La presse et les comptes rendus côté écossais racontent surtout un début de match façon rouleau compresseur sous kilt : pénalité de Russell plein axe, puis séquence au large qui finit par faire craquer Arundell (jaune), et derrière l’Écosse choisit le bon menu : touche, lancement propre, et Russell qui sort un tap-pass de magicien pour envoyer Huw Jones à l’essai. Là, tu sens le Murrayfield qui se transforme en chaudron… et l’Angleterre qui commence à manger son gazon.
Ensuite, le récit écossais insiste sur ce qui avait manqué à Rome : la clarté et la précision dans les zones de combat. La touche refonctionne, les sorties de ruck sont propres, et surtout l’Écosse joue vite, loin du trafic, pour étirer la défense. Sur l’essai de Ritchie, c’est presque caricatural : gros lancement, Steyn qui casse des plaquages, puis Tuipulotu qui envoie une passe longue comme un jour sans pluie à Édimbourg, et Ritchie a juste à aller aplatir. C’est du rugby champagne… mais servi dans une pinte.
Même quand l’Angleterre revient un peu (essai d’Arundell, puis points au pied), la lecture écossaise reste la même : “on avait les clés”. Et elle souligne deux tournants qui sentent la biscotte bien chaude : Arundell reprend un deuxième jaune (donc 20 minutes dehors), et surtout le cadeau emballé par Ellis Genge sur le jeu au pied de Russell qui permet à Ben White de ramasser et marquer. Dans les papiers, c’est typiquement le moment où l’adversaire se met tout seul dans la boîte à gifles.
Le match se “plie” vraiment sur l’action signature : Ford se met en position de drop, Matt Fagerson lui charge ça comme un pilier affamé, et Jones file au bout pour son doublé. Côté écossais, on raconte ça comme le symbole parfait : agressivité en défense, lecture, et derrière, la finition qui fait parler la poudre. Même les moments plus nerveux (série longue anglaise, pénalité “off feet”, etc.) passent pour de la gestion : on serre les boulons, on se fait un peu peur pour le folklore, mais globalement on tient la baraque.
Sur les joueurs, le refrain est limpide : Russell en chef d’orchestre sur la première mi-temps, Jones en serial-marqueur contre l’Angleterre, Steyn partout, et un banc (Millar Mills, Matt Fagerson) qui a mis de l’impact quand il fallait remettre un coup de casque. Il y a bien eu quelques soucis en mêlée, mais l’ensemble est vendu comme un match “vintage” : intense, propre, et surtout impitoyable dans les moments clés.
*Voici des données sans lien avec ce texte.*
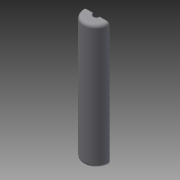
# Autodesk Inventor part: Wagon Hand Handle V03
Saved by Autodesk Inventor 2014 (Build 180170000, 170)
## iProperties
Created: 2013-11-30
Part Number: Wagon Hand Handle V03
Material: Generic
Document SubType Name: Modeling
Designer: steele
Density: 1 g/cm^3
Appearance: Default
Author: steele
Autodesk Inventor part; units mm, degrees
ref_plane "YZ Plane" through (0, 0, 0) normal (1, 0, 0) x (0, 1, 0)
ref_plane "XZ Plane" through (0, 0, 0) normal (0, 1, 0) x (-1, 0, 0)
ref_plane "XY Plane" through (0, 0, 0) normal (0, 0, 1) x (1, 0, 0)
sketch "Sketch1" plane through (0, 0, 0) normal (0, 0, 1) x (1, 0, 0)
  circle A0 centre (0, 0) radius 12.7
  circle A1 centre (0, 0) radius 3.302
  dimension "d0" = 25.4
  dimension "d1" = 6.604
  constraints: 2 centre point, 2 coincident
  measures "d0" diameter of A0
  measures "d1" diameter of A1
extrude "Extrusion1" add sketch "Sketch1" along normal mid plane 120.65
fillet "Fillet1" radius 3 2 edges at (-12.7, 0, 60.325) (-12.7, 0, -60.325)
sketch "Sketch3" plane through (0, 0, 60.325) normal (0, 0, 1) x (1, 0, 0)
  line L0 (-31, 0) -> (39, 0)
  line L1 (39, 0) -> (17, 30)
  line L2 (17, 30) -> (-16, 29)
  line L3 (-16, 29) -> (-31, 0)
  constraints: 8 end point, 1 horizontal
extrude "Extrusion2" cut sketch "Sketch3" against normal through all
body "Solid1"

Le match vu par l’Angleterre
Côté anglais, la lecture est beaucoup moins “poésie” et beaucoup plus “autopsie”. Le mot qui revient, c’est le départ raté : 17-0 en un quart d’heure, et une sensation d’avoir passé les 20 premières minutes à courir derrière un bus… en chaussons. Steve Borthwick ne tourne pas autour du ruck : il parle d’une énorme déception sur ce premier tiers-temps, et surtout du fait d’avoir joué longtemps à 14, ce qui a ouvert des boulevards sur les extérieurs quand l’aile manquait. En clair : l’Écosse a envoyé du jeu, et l’Angleterre a subi la marée.
La presse anglaise (et les analyses britanniques) s’attarde forcément sur la discipline : Arundell prend un premier jaune, puis un deuxième pour un contact en l’air sur Steyn, ce qui finit en 20-minute red. Et à ce niveau-là, même si tu as un banc XXL, tu ne peux pas distribuer des pénalités comme des flyers et espérer que ça passe crème. Le récit insiste aussi sur les erreurs “bêtes” qui coûtent cher : le ballon cafouillé par Genge sur le petit coup de pied de Russell, c’est le genre de détail qui transforme un retour possible en “merci, au revoir”.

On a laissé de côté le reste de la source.